GIVEN INFORMATION START

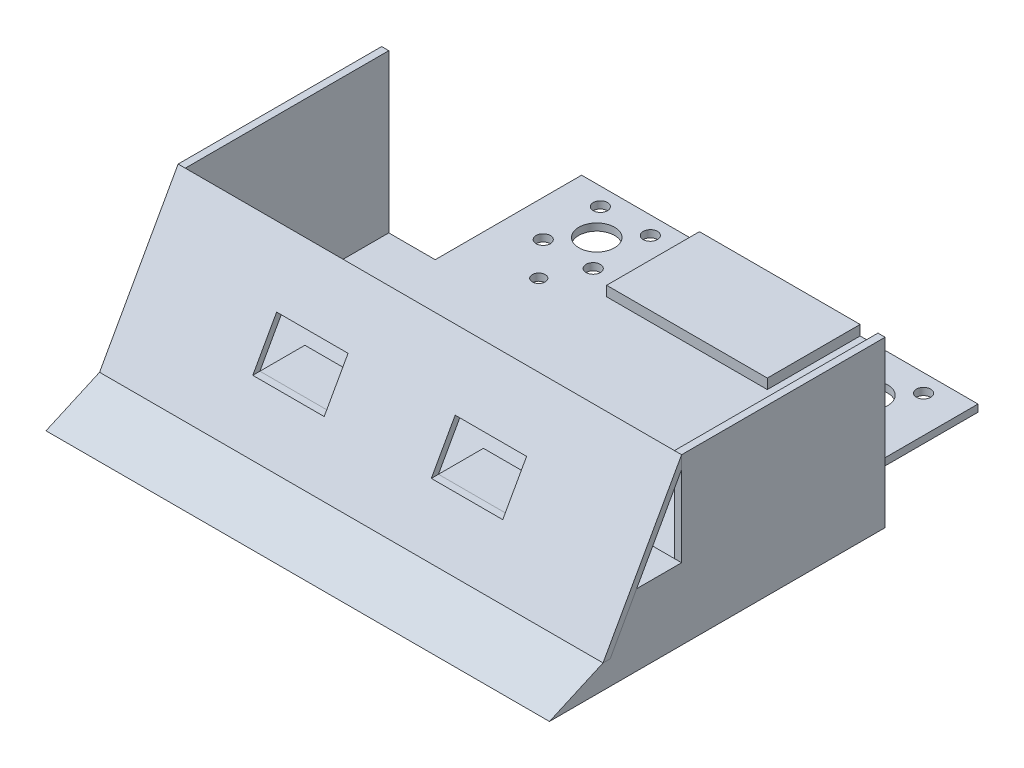
SolidWorks part; units mm, degrees
note: The reader was unsure of these and kept them because the rebuilt part matched: shared geometry of "Sketch2<9>", "Sketch2<15>", "Sketch2<17>", "Sketch2<18>", "Sketch13<3>", "Sketch2<22>".
ref_plane "Front Plane" through (0, 0, 0) normal (0, 0, 1) x (1, 0, 0)
ref_plane "Top Plane" through (0, 0, 0) normal (0, 1, 0) x (1, 0, 0)
ref_plane "Right Plane" through (0, 0, 0) normal (1, 0, 0) x (0, 0, -1)
sketch "Sketch1" plane through (0, 0, 0) normal (0, 1, 0) x (1, 0, 0)
  line L0 (-55.5, 0) -> (55.5098, 0)
  line L18 (-70.5, -120) -> (70.5, -120)
  line L19 (-55.5, 0) -> (-55.5, -41)
  line L21 (-70.5, -41) -> (-55.5, -41)
  line L22 (70.5, -41) -> (55.5098, -41)
  line L23 (55.5098, -41) -> (55.5098, 0)
  line L25 (-70.5, -41) -> (-70.5, -120)
  line L27 (70.5, -41) -> (70.5, -120)
  circle A25 centre (-36.5, -90.0239) radius 1.8
  circle A26 centre (36.5, -31) radius 1.8
  circle A27 centre (36.5, -90.0239) radius 1.8
  circle A28 centre (-36.5, -31) radius 1.8
  circle A50 centre (-45.25, -21) radius 2
  circle A51 centre (-31.25, -21) radius 2
  circle A52 centre (-31.25, -5) radius 2
  circle A53 centre (-45.25, -5) radius 2
  circle A54 centre (-38.2682, -13) radius 5
  circle A55 centre (31.2598, -21) radius 2
  circle A56 centre (45.2598, -21) radius 2
  circle A57 centre (45.2598, -5) radius 2
  circle A58 centre (31.2598, -5) radius 2
  circle A59 centre (38.25, -13) radius 5
extrude "Boss-Extrude1" add sketch "Sketch1" along normal blind 2
sketch "Sketch2" plane through (0, 0, 0) normal (1, 0, 0) x (0, 0, -1)
  line L12 (-98, 0) -> (-98, 2)
  line L16 (-98, 20) -> (-110.5926, 20)
  line L23 (-120, 6.6987) -> (-112.5926, 20)
  line L25 (-120, 2) -> (-98, 2)
  line L26 (-120, 6.6987) -> (-120, 2)
  line L27 (-120, 0) -> (-120, 2)
  line L28 (-118, 0) -> (-98, 0)
  line L29 (-118, 6.6987) -> (-98, 6.6987)
  line L30 (-98, 6.6987) -> (-98, 20)
  line L31 (-98, 2) -> (-98, 6.6987)
  line L32 (-118, 0) -> (-120, 0)
  line L33 (-118, 0) -> (-118, 6.6987)
  line L34 (-110.5926, 20) -> (-112.5926, 20)
  line L35 (-110.5926, 20) -> (-118, 6.6987)
  line L36 (-118, 6.6987) -> (-120, 6.6987)
  line L37 (-120, 0) -> (-135, 0)
  line L38 (-135, 0) -> (-120, 6.6987)
sketch "Sketch7" plane through (0, 0, 0) normal (0, 1, 0) x (1, 0, 0)
  circle A4 centre (-47.9984, -104.6306) radius 5
  circle A5 centre (48, -105.0056) radius 5
extrude "Boss-Extrude6" add sketch "Sketch2<9>" along normal blind 70.5 and the other way blind 70.5 contours L26 L25 L31 L30 L16 L34 L23
sketch "Sketch2<9>" plane through (0, 0, 0) normal (1, 0, 0) x (0, 0, -1) same geometry as "Sketch2"
extrude "Cut-Extrude8" cut sketch "Sketch2<15>" against normal blind 15 and the other way blind 15 contours L23 L34 L16 L30 L29 L36
sketch "Sketch2<15>" plane through (0, 0, 0) normal (1, 0, 0) x (0, 0, -1) same geometry as "Sketch2"
extrude "Cut-Extrude9" cut sketch "Sketch2<17>" against normal blind 25 from offset 35 contours L29 L30 L16 L34 L23 L36 offset against normal yes
sketch "Sketch2<17>" plane through (0, 0, 0) normal (1, 0, 0) x (0, 0, -1) same geometry as "Sketch2"
extrude "Cut-Extrude10" cut sketch "Sketch2<18>" along normal blind 25 from offset 35 contours L29 L30 L16 L34 L23 L36
sketch "Sketch2<18>" plane through (0, 0, 0) normal (1, 0, 0) x (0, 0, -1) same geometry as "Sketch2"
extrude "Cut-Extrude11" cut sketch "Sketch2" against normal blind 70.5 and the other way blind 70.5 contours L36 L23 L34 L35
sketch "Sketch11" plane through (0, 0, 0) normal (0, 0, 1) x (1, 0, 0)
  line L0 (-35, 2) -> (-60, 2)
  line L3 (-60, 2) -> (-60, 6.6987)
  line L11 (-60, 6.6987) -> (-35, 6.6987)
  line L12 (-35, 6.6987) -> (-35, 2)
  line L13 (35, 6.6987) -> (60, 6.6987)
  line L14 (60, 6.6987) -> (60, 2)
  line L15 (60, 2) -> (35, 2)
  line L16 (35, 2) -> (35, 6.6987)
extrude "Cut-Extrude12" cut sketch "Sketch11" against normal blind 20 from offset 115
extrude "Cut-Extrude13" cut sketch "Sketch7" against normal blind 10 from offset 4
sketch "Sketch12" plane through (0, 0, 0) normal (1, 0, 0) x (0, 0, -1)
  line L0 (-98, 42.6078) -> (-98, 46.1987)
  line L1 (-120, 6.6987) -> (-118, 6.6987)
  line L6 (-120, 6.6987) -> (-98, 46.1987)
  line L7 (-118, 6.6987) -> (-98, 42.6078)
extrude "Boss-Extrude7" add sketch "Sketch12" along normal blind 70.5 and the other way blind 70.5 separate body
sketch "Sketch13" plane through (0, 0, 0) normal (1, 0, 0) x (0, 0, -1)
  line L0 (-112.5926, 20) -> (-112.5926, 32)
  line L1 (-112.5926, 20) -> (-98, 20)
  line L2 (-98, 20) -> (-98, 32)
  line L3 (-98, 32) -> (-112.5926, 32)
sketch "Sketch15" plane through (0, 0, 0) normal (0, 1, 0) x (1, 0, 0)
  line L0 (-70.5, -98) -> (-70.5, -41)
  line L1 (-70.5, -41) -> (-68.5, -41)
  line L2 (-55.5, -41) -> (-70.5, -41) construction
  line L4 (-70.5, -98) -> (70.5, -98) construction
  line L5 (-68.5, -98) -> (-70.5, -98)
  line L6 (70.5, -98) -> (70.5, -41)
  line L7 (70.5, -41) -> (68.5, -41)
  line L8 (70.5, -41) -> (55.5098, -41) construction
  line L10 (68.5, -98) -> (70.5, -98)
  line L17 (-68.5, -98) -> (-68.5, -41)
  line L18 (68.5, -98) -> (68.5, -41)
extrude "Boss-Extrude8" add sketch "Sketch15" along normal blind 46.2
extrude "Cut-Extrude16" cut sketch "Sketch13" against normal blind 20 from offset 15 offset against normal yes
extrude "Cut-Extrude17" cut sketch "Sketch13<3>" along normal blind 20 from offset 15
sketch "Sketch13<3>" plane through (0, 0, 0) normal (1, 0, 0) x (0, 0, -1) same geometry as "Sketch13"
other "Save Bodies2"
sketch "Sketch17" plane through (0, 0, 0) normal (0, 1, 0) x (1, 0, 0)
  line L0 (0.0049, 0) -> (22.5049, 0)
  line L1 (55.5098, 0) -> (-55.5, 0) construction
  line L2 (22.5049, 0) -> (22.5049, -26)
  line L3 (0.0049, 0) -> (-22.4951, 0)
  line L4 (-22.4951, 0) -> (-22.4951, -26)
  line L5 (-22.4951, -26) -> (22.5049, -26)
extrude "Boss-Extrude9" add sketch "Sketch17" along normal blind 4.8
extrude "Boss-Extrude10" add sketch "Sketch2<22>" along normal blind 70.5 and the other way blind 70.5 contours L37 L38 L26 L27
sketch "Sketch2<22>" plane through (0, 0, 0) normal (1, 0, 0) x (0, 0, -1) same geometry as "Sketch2"
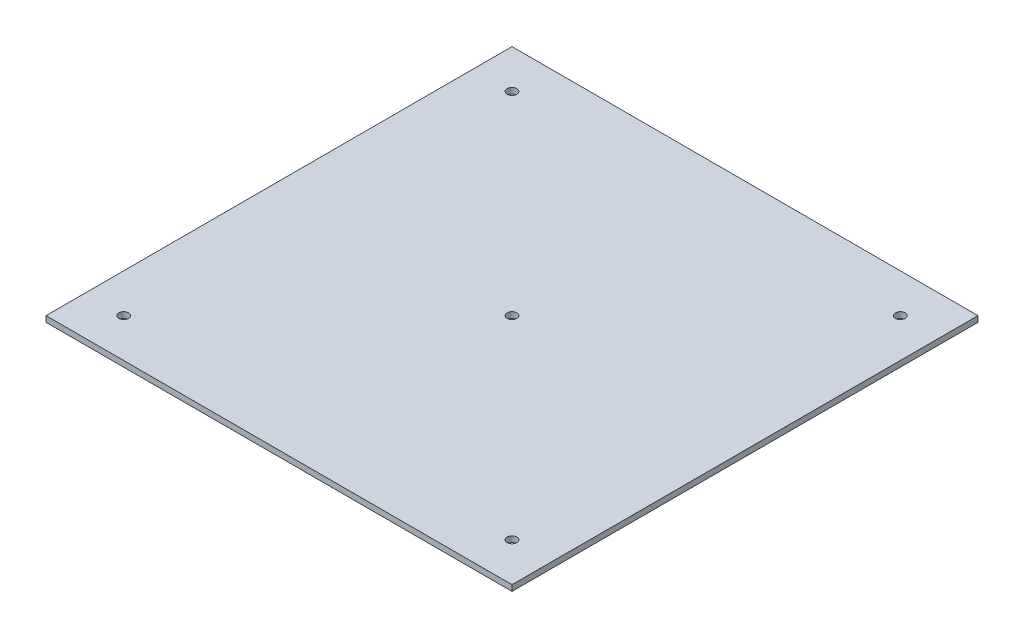
SolidWorks part; units mm, degrees
ref_plane "前视基准面" through (0, 0, 0) normal (0, 0, 1) x (1, 0, 0)
ref_plane "上视基准面" through (0, 0, 0) normal (0, 1, 0) x (1, 0, 0)
ref_plane "右视基准面" through (0, 0, 0) normal (1, 0, 0) x (0, 0, -1)
sketch "草图1" plane through (0, 0, 0) normal (0, 1, 0) x (1, 0, 0)
  line L0 (0, 120) -> (452.0299, 120) construction
  line L1 (0, 0) -> (240, 0)
  line L2 (0, 0) -> (0, 240)
  line L3 (0, 240) -> (240, 240)
  line L4 (240, 0) -> (240, 240)
  line L5 (120, 240) -> (120, -208.1919) construction
  line L6 (120, 120) -> (0, 240) construction
  circle A0 centre (120, 120) radius 2.5
  circle A1 centre (20, 220) radius 2.5
  circle A2 centre (220, 220) radius 2.5
  circle A3 centre (220, 20) radius 2.5
  circle A4 centre (20, 20) radius 2.5
  point P22 (120, 120)
  dimension "D3" = 5
  dimension "D4" = 5
  dimension "D5" = 20
  dimension "D1" = 240
  dimension "D2" = 240
  dimension "D6" = 4
extrude "凸台-拉伸1" add sketch "草图1" along normal blind 3

GIVEN INFORMATION END

▸ **PROBLEM DESCRIPTION**
Could you return all lines from the data above that contain the string "dimension"?

▸ **WRITTEN SOLUTION**
  dimension "D3" = 5
  dimension "D4" = 5
  dimension "D5" = 20
  dimension "D1" = 240
  dimension "D2" = 240
  dimension "D6" = 4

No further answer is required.